What is being asked:
Give again, word for word, every line below from the one that has "blk = doc.blocks.new('_Dot')" through the one that has "blk.add_blockref('_Oblique', (7907.4, 38920.4), dxfattribs=at)", both included, and no others.

Collected data entries:

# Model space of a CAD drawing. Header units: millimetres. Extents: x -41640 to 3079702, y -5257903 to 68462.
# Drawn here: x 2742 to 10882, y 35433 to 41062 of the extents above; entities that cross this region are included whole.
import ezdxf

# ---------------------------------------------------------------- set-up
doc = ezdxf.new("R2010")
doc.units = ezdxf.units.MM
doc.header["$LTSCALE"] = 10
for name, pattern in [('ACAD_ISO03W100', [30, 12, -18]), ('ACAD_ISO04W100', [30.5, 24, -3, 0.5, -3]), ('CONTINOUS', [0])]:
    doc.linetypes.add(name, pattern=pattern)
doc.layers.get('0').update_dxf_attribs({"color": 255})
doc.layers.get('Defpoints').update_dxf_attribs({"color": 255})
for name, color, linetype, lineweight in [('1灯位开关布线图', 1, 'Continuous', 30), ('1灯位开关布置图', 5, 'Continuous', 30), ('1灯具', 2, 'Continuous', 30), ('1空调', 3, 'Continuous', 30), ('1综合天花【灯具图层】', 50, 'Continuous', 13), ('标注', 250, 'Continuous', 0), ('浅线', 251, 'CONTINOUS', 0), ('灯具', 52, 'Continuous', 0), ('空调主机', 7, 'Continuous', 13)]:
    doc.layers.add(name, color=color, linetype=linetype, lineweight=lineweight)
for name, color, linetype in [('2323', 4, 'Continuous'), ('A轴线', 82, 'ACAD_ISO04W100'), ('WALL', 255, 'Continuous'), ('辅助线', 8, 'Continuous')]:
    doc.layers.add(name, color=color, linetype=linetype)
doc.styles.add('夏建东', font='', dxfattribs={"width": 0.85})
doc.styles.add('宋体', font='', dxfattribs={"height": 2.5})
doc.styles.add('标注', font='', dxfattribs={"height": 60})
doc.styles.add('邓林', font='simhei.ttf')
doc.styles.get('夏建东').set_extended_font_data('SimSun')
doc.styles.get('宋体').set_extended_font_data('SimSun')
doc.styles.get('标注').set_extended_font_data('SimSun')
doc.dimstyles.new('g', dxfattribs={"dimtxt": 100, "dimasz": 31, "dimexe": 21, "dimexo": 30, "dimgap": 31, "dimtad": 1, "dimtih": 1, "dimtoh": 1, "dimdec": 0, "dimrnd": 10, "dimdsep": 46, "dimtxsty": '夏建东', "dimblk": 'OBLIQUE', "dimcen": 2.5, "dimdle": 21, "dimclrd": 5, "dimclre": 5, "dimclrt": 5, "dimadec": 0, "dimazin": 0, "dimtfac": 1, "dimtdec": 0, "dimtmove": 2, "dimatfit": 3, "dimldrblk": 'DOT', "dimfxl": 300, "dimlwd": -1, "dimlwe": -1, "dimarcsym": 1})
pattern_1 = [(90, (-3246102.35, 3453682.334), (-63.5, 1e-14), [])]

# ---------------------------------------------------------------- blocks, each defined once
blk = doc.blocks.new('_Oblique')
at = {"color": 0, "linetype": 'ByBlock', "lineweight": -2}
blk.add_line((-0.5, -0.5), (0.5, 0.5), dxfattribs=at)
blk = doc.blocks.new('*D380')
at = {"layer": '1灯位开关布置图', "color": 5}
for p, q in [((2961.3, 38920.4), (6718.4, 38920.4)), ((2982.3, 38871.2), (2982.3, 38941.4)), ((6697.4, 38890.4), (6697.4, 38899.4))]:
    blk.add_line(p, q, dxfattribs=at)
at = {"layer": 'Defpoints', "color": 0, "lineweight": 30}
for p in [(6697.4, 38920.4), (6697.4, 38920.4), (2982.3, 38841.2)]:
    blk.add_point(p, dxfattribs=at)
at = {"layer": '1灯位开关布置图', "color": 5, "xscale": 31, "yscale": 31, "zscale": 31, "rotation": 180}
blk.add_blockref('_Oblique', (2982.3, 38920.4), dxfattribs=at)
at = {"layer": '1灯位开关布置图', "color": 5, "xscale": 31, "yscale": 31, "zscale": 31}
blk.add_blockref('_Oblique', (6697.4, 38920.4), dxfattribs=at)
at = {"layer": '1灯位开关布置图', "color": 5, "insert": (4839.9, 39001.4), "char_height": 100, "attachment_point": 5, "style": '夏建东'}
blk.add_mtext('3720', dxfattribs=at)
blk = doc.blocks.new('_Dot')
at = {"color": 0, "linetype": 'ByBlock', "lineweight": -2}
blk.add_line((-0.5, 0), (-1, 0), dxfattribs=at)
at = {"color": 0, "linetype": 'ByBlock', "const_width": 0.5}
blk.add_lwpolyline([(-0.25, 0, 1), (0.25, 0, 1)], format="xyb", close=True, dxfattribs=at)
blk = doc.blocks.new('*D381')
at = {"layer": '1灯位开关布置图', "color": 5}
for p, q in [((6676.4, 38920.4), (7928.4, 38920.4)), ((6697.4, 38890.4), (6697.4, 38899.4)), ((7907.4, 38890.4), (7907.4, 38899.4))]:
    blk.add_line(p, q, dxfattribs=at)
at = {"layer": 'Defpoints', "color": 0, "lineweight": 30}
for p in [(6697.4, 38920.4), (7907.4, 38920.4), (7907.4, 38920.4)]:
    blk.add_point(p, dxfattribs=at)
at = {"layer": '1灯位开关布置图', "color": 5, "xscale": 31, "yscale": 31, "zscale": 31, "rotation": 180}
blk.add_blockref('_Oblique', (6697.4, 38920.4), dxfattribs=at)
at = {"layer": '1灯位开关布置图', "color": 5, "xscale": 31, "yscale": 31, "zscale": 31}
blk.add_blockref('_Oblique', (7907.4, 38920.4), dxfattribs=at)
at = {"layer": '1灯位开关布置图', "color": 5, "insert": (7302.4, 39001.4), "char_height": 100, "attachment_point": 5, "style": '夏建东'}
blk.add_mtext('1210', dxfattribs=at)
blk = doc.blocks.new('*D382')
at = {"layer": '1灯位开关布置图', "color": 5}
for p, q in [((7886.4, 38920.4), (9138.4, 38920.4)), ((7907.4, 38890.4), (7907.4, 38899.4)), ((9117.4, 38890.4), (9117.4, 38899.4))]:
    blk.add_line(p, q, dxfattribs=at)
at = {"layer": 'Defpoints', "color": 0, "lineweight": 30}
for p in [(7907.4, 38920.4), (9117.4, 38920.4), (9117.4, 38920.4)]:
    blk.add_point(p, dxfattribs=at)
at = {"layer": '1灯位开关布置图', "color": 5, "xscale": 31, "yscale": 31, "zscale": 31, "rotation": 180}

Solution to the exercise:
blk = doc.blocks.new('_Dot')
at = {"color": 0, "linetype": 'ByBlock', "lineweight": -2}
blk.add_line((-0.5, 0), (-1, 0), dxfattribs=at)
at = {"color": 0, "linetype": 'ByBlock', "const_width": 0.5}
blk.add_lwpolyline([(-0.25, 0, 1), (0.25, 0, 1)], format="xyb", close=True, dxfattribs=at)
blk = doc.blocks.new('*D381')
at = {"layer": '1灯位开关布置图', "color": 5}
for p, q in [((6676.4, 38920.4), (7928.4, 38920.4)), ((6697.4, 38890.4), (6697.4, 38899.4)), ((7907.4, 38890.4), (7907.4, 38899.4))]:
    blk.add_line(p, q, dxfattribs=at)
at = {"layer": 'Defpoints', "color": 0, "lineweight": 30}
for p in [(6697.4, 38920.4), (7907.4, 38920.4), (7907.4, 38920.4)]:
    blk.add_point(p, dxfattribs=at)
at = {"layer": '1灯位开关布置图', "color": 5, "xscale": 31, "yscale": 31, "zscale": 31, "rotation": 180}
blk.add_blockref('_Oblique', (6697.4, 38920.4), dxfattribs=at)
at = {"layer": '1灯位开关布置图', "color": 5, "xscale": 31, "yscale": 31, "zscale": 31}
blk.add_blockref('_Oblique', (7907.4, 38920.4), dxfattribs=at)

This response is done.